There are three cars, a, B and C, each driving at a certain speed from a to B. B starts 10 minutes later than C and catches up with C 40 minutes later; a starts 20 minutes later than B and catches up with C 1 hour and 40 minutes later?

The distance that C takes 130 minutes, B takes 130 × 4050 = 104 (minutes), suppose a takes X minutes, we can get: 100104 = XX + 20104x = 100 (x + 20), 104x = 100x + 2000, & nbsp; 4x = 2000, & nbsp; X = 500. A: it takes 500 minutes for a to catch up with B

There are three cars, a, B and C, each driving at a certain speed from a to B. B starts 10 minutes later than C and catches up with C 40 minutes later; a starts 20 minutes later than B and catches up with C 1 hour and 40 minutes later?

There are three cars of a, B and C each driving from a to B at a certain speed. B starts 10 minutes later than C, catches up with C 40 minutes later, and a starts 2 minutes later than B
How many minutes does it take for a to catch up with B?

After 50 minutes, a can catch up with you!

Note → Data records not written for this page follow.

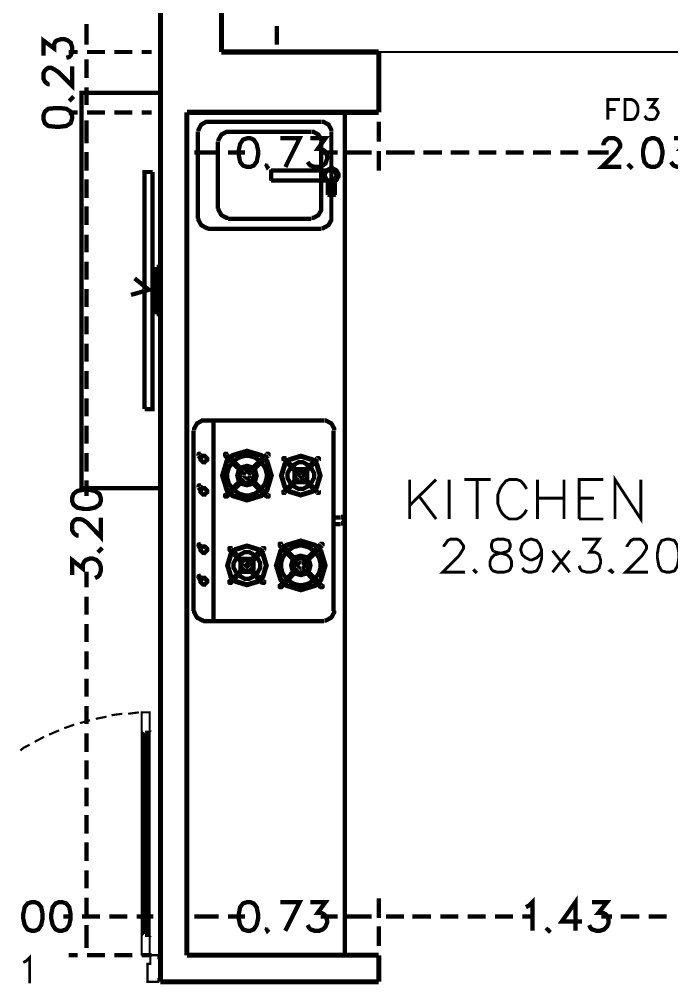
# Model space of a CAD drawing. Extents: x 0.2 to 11.4, y 0.2 to 8.2.
# Drawn here: x 4.936 to 6.45, y 3.765 to 6.004 of the extents above; entities that cross this region are included whole.
import ezdxf

# ---------------------------------------------------------------- set-up
doc = ezdxf.new("R2010")
doc.units = 0
doc.layers.get('0').update_dxf_attribs({"linetype": 'CONTINUOUS'})

msp = doc.modelspace()

# ---------------------------------------------------------------- linework, layer by layer
at = {"color": 0}
for points, const_width in [([(5.26335, 3.77165), (5.26335, 6.44667), (5.26335, 7.22331)], 0.011667), ([(5.26335, 3.77165), (5.26335, 6.44667), (5.26335, 7.22331)], 0.01), ([(5.405, 5.92833), (5.405, 6.70335)], 0.011667), ([(5.405, 5.92833), (5.405, 6.70335)], 0.01), ([(5.09169, 5.96164), (5.09169, 5.99333)], 0.01), ([(5.53331, 5.96164), (5.53331, 5.98833)], 0.01), ([(4.99164, 5.91997), (4.99164, 5.95503), (5.01665, 5.93668), (5.01665, 5.94667), (5.02001, 5.95335), (5.02333, 5.95503), (5.03331, 5.95833), (5.03999, 5.95833), (5.04833, 5.95503), (5.05501, 5.94997), (5.05832, 5.94), (5.05832, 5.93001), (5.05501, 5.91997), (5.05165, 5.91667), (5.04497, 5.91499)], 0.01), ([(5.09169, 5.94499), (5.09169, 5.96164)], 0.01), ([(5.53331, 5.94499), (5.53331, 5.96164)], 0.01), ([(5.77001, 5.92833), (5.405, 5.92833)], 0.011667), ([(5.77001, 5.78836), (5.77001, 5.92833)], 0.011667), ([(5.07167, 5.92833), (5.05003, 5.92833)], 0.01), ([(5.07167, 5.92833), (5.05003, 5.92833)], 0.01), ([(5.09169, 5.91168), (5.09169, 5.89501)], 0.01), ([(5.13499, 5.92833), (5.09332, 5.92833)], 0.01), ([(5.13499, 5.92833), (5.09332, 5.92833)], 0.01), ([(5.19835, 5.92833), (5.15668, 5.92833)], 0.01), ([(5.19835, 5.92833), (5.15668, 5.92833)], 0.01), ([(5.24333, 5.92833), (5.22, 5.92833)], 0.01), ([(5.24333, 5.92833), (5.22, 5.92833)], 0.01), ([(5.77001, 5.92833), (5.405, 5.92833)], 0.01), ([(5.42503, 5.92833), (5.45833, 5.92833)], 0.01), ([(5.47835, 5.92833), (5.52165, 5.92833)], 0.01), ([(5.54167, 5.92833), (5.57497, 5.92833)], 0.01), ([(5.77001, 5.78836), (5.77001, 5.92833)], 0.01), ([(5.77001, 5.92833), (7.00999, 5.92833)], 0.005), ([(5.00667, 5.85335), (5.00331, 5.85335), (4.99832, 5.85667), (4.99501, 5.86003), (4.99164, 5.86664), (4.99164, 5.87831), (4.99501, 5.88499), (4.99832, 5.88835), (5.00331, 5.89165), (5.00999, 5.89165), (5.01665, 5.88835), (5.02669, 5.88167), (5.05832, 5.84999), (5.05832, 5.89501)], 0.01), ([(5.09169, 5.89501), (5.09169, 5.86833)], 0.01), ([(5.09169, 5.84668), (5.09169, 5.82167)], 0.01), ([(5.05165, 5.82167), (5.05501, 5.81836), (5.05832, 5.82167), (5.05501, 5.82497)], 0.01), ([(5.09169, 5.80501), (5.09169, 5.82167)], 0.01), ([(6.30165, 5.77165), (6.30165, 5.81836), (6.33003, 5.81836)], 0.006667), ([(6.39165, 5.81836), (6.41499, 5.81836), (6.40169, 5.80003), (6.40831, 5.80003), (6.41336, 5.79833), (6.41499, 5.79497), (6.41835, 5.78999), (6.41835, 5.785), (6.41499, 5.77832), (6.41168, 5.77333), (6.405, 5.77165), (6.39833, 5.77165), (6.39165, 5.77333), (6.38997, 5.77669), (6.38667, 5.78)], 0.006667), ([(5.07167, 5.78836), (5.05003, 5.78836)], 0.01), ([(5.07167, 5.78836), (5.05003, 5.78836)], 0.01), ([(5.13499, 5.78836), (5.09332, 5.78836)], 0.01), ([(5.13499, 5.78836), (5.09332, 5.78836)], 0.01), ([(5.19835, 5.78836), (5.15668, 5.78836)], 0.01), ([(5.19835, 5.78836), (5.15668, 5.78836)], 0.01), ([(5.24333, 5.78836), (5.22, 5.78836)], 0.01), ([(5.24333, 5.78836), (5.22, 5.78836)], 0.01), ([(5.77001, 5.78836), (5.32497, 5.78836)], 0.011667), ([(5.32497, 5.78836), (5.32497, 3.83333)], 0.011667), ([(5.77001, 5.78836), (5.32497, 5.78836)], 0.01), ([(5.32497, 5.78836), (5.32497, 3.83333)], 0.01), ([(5.69168, 5.78836), (5.69168, 3.83333)], 0.01), ([(6.30165, 5.79497), (6.31999, 5.79497)], 0.006667), ([(5.09169, 5.77001), (5.09169, 5.75331)], 0.01), ([(5.09169, 5.75331), (5.09169, 5.71669)], 0.01), ([(5.32497, 5.76665), (5.32497, 5.72)], 0.01), ([(5.37418, 5.76665), (5.37017, 5.76665), (5.35824, 5.7601), (5.35167, 5.74815), (5.35167, 5.74414)], 0.01), ([(5.63667, 5.76665), (5.37332, 5.76665)], 0.01), ([(5.66, 5.74414), (5.66, 5.74815), (5.65338, 5.7601), (5.64144, 5.76665), (5.63747, 5.76665)], 0.01), ([(5.77001, 5.76665), (5.77001, 5.72)], 0.01), ([(5.77001, 5.76665), (5.77001, 5.72)], 0.01), ([(5.34999, 5.54167), (5.34999, 5.74333)], 0.01), ([(5.42085, 5.74333), (5.41683, 5.74333), (5.40489, 5.73676), (5.39833, 5.72483), (5.39833, 5.72081)], 0.01), ([(5.61333, 5.74333), (5.41997, 5.74333)], 0.01), ([(5.54167, 5.72835), (5.58664, 5.72835), (5.55333, 5.66168)], 0.01), ([(5.61165, 5.72835), (5.64665, 5.72835), (5.62831, 5.70335), (5.63667, 5.70335), (5.64333, 5.69997), (5.64665, 5.69667), (5.65001, 5.68668), (5.65001, 5.68001), (5.64665, 5.66997), (5.63997, 5.66499), (5.63167, 5.66168), (5.62169, 5.66168), (5.61165, 5.66499), (5.60835, 5.66835), (5.60499, 5.67333)], 0.01), ([(5.63667, 5.72081), (5.63667, 5.72483), (5.63004, 5.73676), (5.61811, 5.74333), (5.61415, 5.74333)], 0.01), ([(5.66, 5.74333), (5.66, 5.54167)], 0.01), ([(6.29167, 5.71164), (6.29167, 5.715), (6.29497, 5.72168), (6.29833, 5.72499), (6.30333, 5.72835), (6.31668, 5.72835), (6.32335, 5.72499), (6.32667, 5.72168), (6.33003, 5.715), (6.33003, 5.70833), (6.32667, 5.70335), (6.31999, 5.69336), (6.28836, 5.66168), (6.33333, 5.66168)], 0.01), ([(6.45503, 5.72835), (6.49001, 5.72835), (6.47, 5.70335), (6.47999, 5.70335), (6.48665, 5.69997), (6.49001, 5.69667), (6.49333, 5.68668), (6.49333, 5.68001), (6.49001, 5.66997), (6.48335, 5.66499), (6.47331, 5.66168), (6.46332, 5.66168), (6.45503, 5.66499), (6.45167, 5.66835), (6.44835, 5.67333)], 0.01), ([(5.39665, 5.565), (5.39665, 5.72)], 0.01), ([(5.63667, 5.72), (5.63667, 5.565)], 0.01), ([(5.09169, 5.69667), (5.09169, 5.65332)], 0.01), ([(5.32497, 5.69835), (5.32497, 5.65332)], 0.01), ([(5.34169, 5.69499), (5.35835, 5.69499)], 0.01), ([(5.35835, 5.69499), (5.39833, 5.69499)], 0.01), ([(5.41997, 5.69499), (5.46001, 5.69499)], 0.01), ([(5.67503, 5.69499), (5.63499, 5.69499)], 0.01), ([(5.73665, 5.69499), (5.69667, 5.69499)], 0.01), ([(5.75331, 5.69499), (5.73665, 5.69499)], 0.01), ([(5.77001, 5.69835), (5.77001, 5.65332)], 0.01), ([(5.77001, 5.69835), (5.77001, 5.65332)], 0.01), ([(5.78668, 5.69499), (5.80333, 5.69499)], 0.01), ([(5.80333, 5.69499), (5.85335, 5.69499)], 0.01), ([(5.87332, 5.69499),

The specific problem-solving process is as follows: C starts at x at zero, then it starts at y at ten, and a starts at Z at thirty. After 40 minutes, it shows that the distance is the same, so 40y = 50x, similarly 40z = 70X, -- > y = 5 / 7z. Let a catch up time be t, then ZT = 5 / 7z (T + 20) -- > t = 50
So it takes 50 points for a to catch up!